WHAT THE TASK REQUIRES →
Take the data below and write it out exactly, except for the pictures.
- - - -
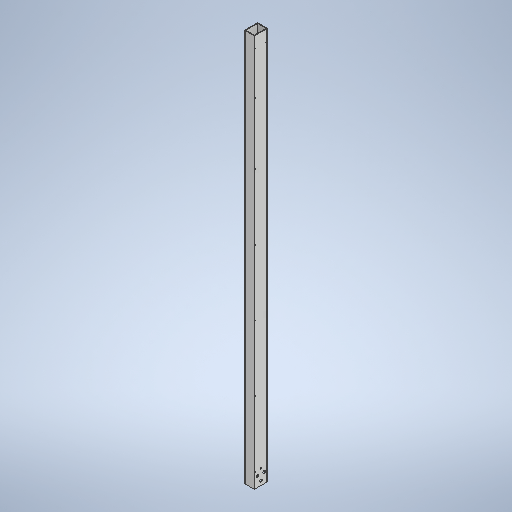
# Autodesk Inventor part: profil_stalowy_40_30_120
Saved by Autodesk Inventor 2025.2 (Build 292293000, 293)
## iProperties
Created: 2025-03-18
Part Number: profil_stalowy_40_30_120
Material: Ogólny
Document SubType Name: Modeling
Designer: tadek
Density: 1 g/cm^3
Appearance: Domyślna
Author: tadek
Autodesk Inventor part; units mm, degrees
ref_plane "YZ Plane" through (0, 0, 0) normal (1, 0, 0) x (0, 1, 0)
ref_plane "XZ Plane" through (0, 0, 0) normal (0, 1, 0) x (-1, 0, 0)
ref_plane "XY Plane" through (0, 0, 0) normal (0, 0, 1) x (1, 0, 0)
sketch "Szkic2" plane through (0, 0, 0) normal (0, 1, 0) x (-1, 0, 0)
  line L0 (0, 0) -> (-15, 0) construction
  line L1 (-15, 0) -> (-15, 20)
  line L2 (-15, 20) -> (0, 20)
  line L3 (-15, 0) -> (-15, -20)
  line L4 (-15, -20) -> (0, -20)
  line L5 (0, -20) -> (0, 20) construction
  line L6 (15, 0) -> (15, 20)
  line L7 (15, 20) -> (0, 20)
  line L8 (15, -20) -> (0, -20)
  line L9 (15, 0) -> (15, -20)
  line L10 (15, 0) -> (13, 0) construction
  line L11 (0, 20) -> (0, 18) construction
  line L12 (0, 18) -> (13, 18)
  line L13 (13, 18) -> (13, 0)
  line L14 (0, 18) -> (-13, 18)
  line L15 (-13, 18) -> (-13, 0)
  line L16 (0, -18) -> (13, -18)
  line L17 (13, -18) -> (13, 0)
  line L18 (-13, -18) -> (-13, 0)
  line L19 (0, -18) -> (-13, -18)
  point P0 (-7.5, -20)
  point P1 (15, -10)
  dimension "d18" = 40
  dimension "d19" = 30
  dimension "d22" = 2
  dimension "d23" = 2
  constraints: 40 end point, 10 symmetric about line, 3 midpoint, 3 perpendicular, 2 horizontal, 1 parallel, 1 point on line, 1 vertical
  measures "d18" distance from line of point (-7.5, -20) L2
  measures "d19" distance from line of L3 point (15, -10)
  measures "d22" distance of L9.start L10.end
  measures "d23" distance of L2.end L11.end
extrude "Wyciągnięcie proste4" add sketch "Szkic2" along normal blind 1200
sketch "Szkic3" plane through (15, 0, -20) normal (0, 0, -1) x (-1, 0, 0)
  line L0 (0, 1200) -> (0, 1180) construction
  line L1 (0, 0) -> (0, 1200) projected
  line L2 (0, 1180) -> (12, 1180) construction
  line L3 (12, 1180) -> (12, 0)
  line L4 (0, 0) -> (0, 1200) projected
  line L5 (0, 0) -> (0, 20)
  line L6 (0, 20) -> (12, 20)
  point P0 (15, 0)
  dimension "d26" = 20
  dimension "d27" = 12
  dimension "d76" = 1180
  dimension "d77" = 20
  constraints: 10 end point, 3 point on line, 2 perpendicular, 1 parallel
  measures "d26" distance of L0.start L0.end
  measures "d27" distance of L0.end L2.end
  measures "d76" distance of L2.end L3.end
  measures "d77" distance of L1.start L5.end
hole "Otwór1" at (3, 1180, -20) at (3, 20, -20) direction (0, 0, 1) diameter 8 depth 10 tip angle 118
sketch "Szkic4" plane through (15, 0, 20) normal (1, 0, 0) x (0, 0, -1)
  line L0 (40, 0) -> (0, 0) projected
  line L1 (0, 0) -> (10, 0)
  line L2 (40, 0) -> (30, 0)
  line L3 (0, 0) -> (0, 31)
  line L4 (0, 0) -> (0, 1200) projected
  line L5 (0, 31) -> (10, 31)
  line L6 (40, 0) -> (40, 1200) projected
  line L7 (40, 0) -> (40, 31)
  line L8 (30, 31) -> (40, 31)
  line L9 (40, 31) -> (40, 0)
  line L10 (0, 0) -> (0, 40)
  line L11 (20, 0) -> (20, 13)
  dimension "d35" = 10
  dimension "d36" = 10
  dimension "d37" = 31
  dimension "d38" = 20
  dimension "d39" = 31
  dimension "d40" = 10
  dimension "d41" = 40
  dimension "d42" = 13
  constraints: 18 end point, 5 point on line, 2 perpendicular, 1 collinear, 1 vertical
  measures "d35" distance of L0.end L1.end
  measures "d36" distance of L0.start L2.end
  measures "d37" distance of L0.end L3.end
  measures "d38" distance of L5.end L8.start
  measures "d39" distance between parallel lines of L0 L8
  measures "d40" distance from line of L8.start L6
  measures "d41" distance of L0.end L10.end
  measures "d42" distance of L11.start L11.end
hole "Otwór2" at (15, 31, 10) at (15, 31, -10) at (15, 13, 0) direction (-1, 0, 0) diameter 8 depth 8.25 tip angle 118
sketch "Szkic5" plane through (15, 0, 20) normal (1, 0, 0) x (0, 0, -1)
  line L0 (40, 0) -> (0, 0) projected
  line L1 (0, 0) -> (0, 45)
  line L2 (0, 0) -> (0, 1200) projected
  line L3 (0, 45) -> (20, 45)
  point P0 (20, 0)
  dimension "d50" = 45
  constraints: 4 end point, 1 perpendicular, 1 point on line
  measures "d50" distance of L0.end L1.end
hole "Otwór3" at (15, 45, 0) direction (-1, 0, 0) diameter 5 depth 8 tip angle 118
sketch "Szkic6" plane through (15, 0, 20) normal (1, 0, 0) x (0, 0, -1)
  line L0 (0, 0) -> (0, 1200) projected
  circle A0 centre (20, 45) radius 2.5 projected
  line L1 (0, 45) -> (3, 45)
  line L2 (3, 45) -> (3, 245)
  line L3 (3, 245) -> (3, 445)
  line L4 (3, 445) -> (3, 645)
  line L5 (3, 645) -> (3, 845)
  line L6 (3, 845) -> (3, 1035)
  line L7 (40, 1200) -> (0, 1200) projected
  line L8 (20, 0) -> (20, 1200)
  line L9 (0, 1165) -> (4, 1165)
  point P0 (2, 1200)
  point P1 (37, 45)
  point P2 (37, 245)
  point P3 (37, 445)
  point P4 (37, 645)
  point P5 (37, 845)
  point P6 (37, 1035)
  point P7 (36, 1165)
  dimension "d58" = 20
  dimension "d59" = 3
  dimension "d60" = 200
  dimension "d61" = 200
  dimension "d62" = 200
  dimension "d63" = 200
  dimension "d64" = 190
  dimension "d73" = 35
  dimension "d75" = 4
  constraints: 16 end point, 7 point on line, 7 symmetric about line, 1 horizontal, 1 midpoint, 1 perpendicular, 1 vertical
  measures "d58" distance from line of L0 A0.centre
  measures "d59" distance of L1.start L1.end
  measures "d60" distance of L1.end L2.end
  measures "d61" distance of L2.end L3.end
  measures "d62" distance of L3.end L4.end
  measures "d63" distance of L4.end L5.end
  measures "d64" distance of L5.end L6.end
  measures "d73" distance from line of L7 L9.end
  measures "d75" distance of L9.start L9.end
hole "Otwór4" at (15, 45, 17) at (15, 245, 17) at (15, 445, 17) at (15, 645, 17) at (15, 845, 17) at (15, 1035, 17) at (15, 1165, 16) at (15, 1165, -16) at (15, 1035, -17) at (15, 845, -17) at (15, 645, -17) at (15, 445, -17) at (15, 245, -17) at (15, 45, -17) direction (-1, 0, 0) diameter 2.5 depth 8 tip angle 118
- - - -
SOLUTION TO THE PROBLEM →
# Autodesk Inventor part: profil_stalowy_40_30_120
Saved by Autodesk Inventor 2025.2 (Build 292293000, 293)
## iProperties
Created: 2025-03-18
Part Number: profil_stalowy_40_30_120
Material: Ogólny
Document SubType Name: Modeling
Designer: tadek
Density: 1 g/cm^3
Appearance: Domyślna
Author: tadek
Autodesk Inventor part; units mm, degrees
ref_plane "YZ Plane" through (0, 0, 0) normal (1, 0, 0) x (0, 1, 0)
ref_plane "XZ Plane" through (0, 0, 0) normal (0, 1, 0) x (-1, 0, 0)
ref_plane "XY Plane" through (0, 0, 0) normal (0, 0, 1) x (1, 0, 0)
sketch "Szkic2" plane through (0, 0, 0) normal (0, 1, 0) x (-1, 0, 0)
  line L0 (0, 0) -> (-15, 0) construction
  line L1 (-15, 0) -> (-15, 20)
  line L2 (-15, 20) -> (0, 20)
  line L3 (-15, 0) -> (-15, -20)
  line L4 (-15, -20) -> (0, -20)
  line L5 (0, -20) -> (0, 20) construction
  line L6 (15, 0) -> (15, 20)
  line L7 (15, 20) -> (0, 20)
  line L8 (15, -20) -> (0, -20)
  line L9 (15, 0) -> (15, -20)
  line L10 (15, 0) -> (13, 0) construction
  line L11 (0, 20) -> (0, 18) construction
  line L12 (0, 18) -> (13, 18)
  line L13 (13, 18) -> (13, 0)
  line L14 (0, 18) -> (-13, 18)
  line L15 (-13, 18) -> (-13, 0)
  line L16 (0, -18) -> (13, -18)
  line L17 (13, -18) -> (13, 0)
  line L18 (-13, -18) -> (-13, 0)
  line L19 (0, -18) -> (-13, -18)
  point P0 (-7.5, -20)
  point P1 (15, -10)
  dimension "d18" = 40
  dimension "d19" = 30
  dimension "d22" = 2
  dimension "d23" = 2
  constraints: 40 end point, 10 symmetric about line, 3 midpoint, 3 perpendicular, 2 horizontal, 1 parallel, 1 point on line, 1 vertical
  measures "d18" distance from line of point (-7.5, -20) L2
  measures "d19" distance from line of L3 point (15, -10)
  measures "d22" distance of L9.start L10.end
  measures "d23" distance of L2.end L11.end
extrude "Wyciągnięcie proste4" add sketch "Szkic2" along normal blind 1200
sketch "Szkic3" plane through (15, 0, -20) normal (0, 0, -1) x (-1, 0, 0)
  line L0 (0, 1200) -> (0, 1180) construction
  line L1 (0, 0) -> (0, 1200) projected
  line L2 (0, 1180) -> (12, 1180) construction
  line L3 (12, 1180) -> (12, 0)
  line L4 (0, 0) -> (0, 1200) projected
  line L5 (0, 0) -> (0, 20)
  line L6 (0, 20) -> (12, 20)
  point P0 (15, 0)
  dimension "d26" = 20
  dimension "d27" = 12
  dimension "d76" = 1180
  dimension "d77" = 20
  constraints: 10 end point, 3 point on line, 2 perpendicular, 1 parallel
  measures "d26" distance of L0.start L0.end
  measures "d27" distance of L0.end L2.end
  measures "d76" distance of L2.end L3.end
  measures "d77" distance of L1.start L5.end
hole "Otwór1" at (3, 1180, -20) at (3, 20, -20) direction (0, 0, 1) diameter 8 depth 10 tip angle 118
sketch "Szkic4" plane through (15, 0, 20) normal (1, 0, 0) x (0, 0, -1)
  line L0 (40, 0) -> (0, 0) projected
  line L1 (0, 0) -> (10, 0)
  line L2 (40, 0) -> (30, 0)
  line L3 (0, 0) -> (0, 31)
  line L4 (0, 0) -> (0, 1200) projected
  line L5 (0, 31) -> (10, 31)
  line L6 (40, 0) -> (40, 1200) projected
  line L7 (40, 0) -> (40, 31)
  line L8 (30, 31) -> (40, 31)
  line L9 (40, 31) -> (40, 0)
  line L10 (0, 0) -> (0, 40)
  line L11 (20, 0) -> (20, 13)
  dimension "d35" = 10
  dimension "d36" = 10
  dimension "d37" = 31
  dimension "d38" = 20
  dimension "d39" = 31
  dimension "d40" = 10
  dimension "d41" = 40
  dimension "d42" = 13
  constraints: 18 end point, 5 point on line, 2 perpendicular, 1 collinear, 1 vertical
  measures "d35" distance of L0.end L1.end
  measures "d36" distance of L0.start L2.end
  measures "d37" distance of L0.end L3.end
  measures "d38" distance of L5.end L8.start
  measures "d39" distance between parallel lines of L0 L8
  measures "d40" distance from line of L8.start L6
  measures "d41" distance of L0.end L10.end
  measures "d42" distance of L11.start L11.end
hole "Otwór2" at (15, 31, 10) at (15, 31, -10) at (15, 13, 0) direction (-1, 0, 0) diameter 8 depth 8.25 tip angle 118
sketch "Szkic5" plane through (15, 0, 20) normal (1, 0, 0) x (0, 0, -1)
  line L0 (40, 0) -> (0, 0) projected
  line L1 (0, 0) -> (0, 45)
  line L2 (0, 0) -> (0, 1200) projected
  line L3 (0, 45) -> (20, 45)
  point P0 (20, 0)
  dimension "d50" = 45
  constraints: 4 end point, 1 perpendicular, 1 point on line
  measures "d50" distance of L0.end L1.end
hole "Otwór3" at (15, 45, 0) direction (-1, 0, 0) diameter 5 depth 8 tip angle 118
sketch "Szkic6" plane through (15, 0, 20) normal (1, 0, 0) x (0, 0, -1)
  line L0 (0, 0) -> (0, 1200) projected
  circle A0 centre (20, 45) radius 2.5 projected
  line L1 (0, 45) -> (3, 45)
  line L2 (3, 45) -> (3, 245)
  line L3 (3, 245) -> (3, 445)
  line L4 (3, 445) -> (3, 645)
  line L5 (3, 645) -> (3, 845)
  line L6 (3, 845) -> (3, 1035)
  line L7 (40, 1200) -> (0, 1200) projected
  line L8 (20, 0) -> (20, 1200)
  line L9 (0, 1165) -> (4, 1165)
  point P0 (2, 1200)
  point P1 (37, 45)
  point P2 (37, 245)
  point P3 (37, 445)
  point P4 (37, 645)
  point P5 (37, 845)
  point P6 (37, 1035)
  point P7 (36, 1165)
  dimension "d58" = 20
  dimension "d59" = 3
  dimension "d60" = 200
  dimension "d61" = 200
  dimension "d62" = 200
  dimension "d63" = 200
  dimension "d64" = 190
  dimension "d73" = 35
  dimension "d75" = 4
  constraints: 16 end point, 7 point on line, 7 symmetric about line, 1 horizontal, 1 midpoint, 1 perpendicular, 1 vertical
  measures "d58" distance from line of L0 A0.centre
  measures "d59" distance of L1.start L1.end
  measures "d60" distance of L1.end L2.end
  measures "d61" distance of L2.end L3.end
  measures "d62" distance of L3.end L4.end
  measures "d63" distance of L4.end L5.end
  measures "d64" distance of L5.end L6.end
  measures "d73" distance from line of L7 L9.end
  measures "d75" distance of L9.start L9.end
hole "Otwór4" at (15, 45, 17) at (15, 245, 17) at (15, 445, 17) at (15, 645, 17) at (15, 845, 17) at (15, 1035, 17) at (15, 1165, 16) at (15, 1165, -16) at (15, 1035, -17) at (15, 845, -17) at (15, 645, -17) at (15, 445, -17) at (15, 245, -17) at (15, 45, -17) direction (-1, 0, 0) diameter 2.5 depth 8 tip angle 118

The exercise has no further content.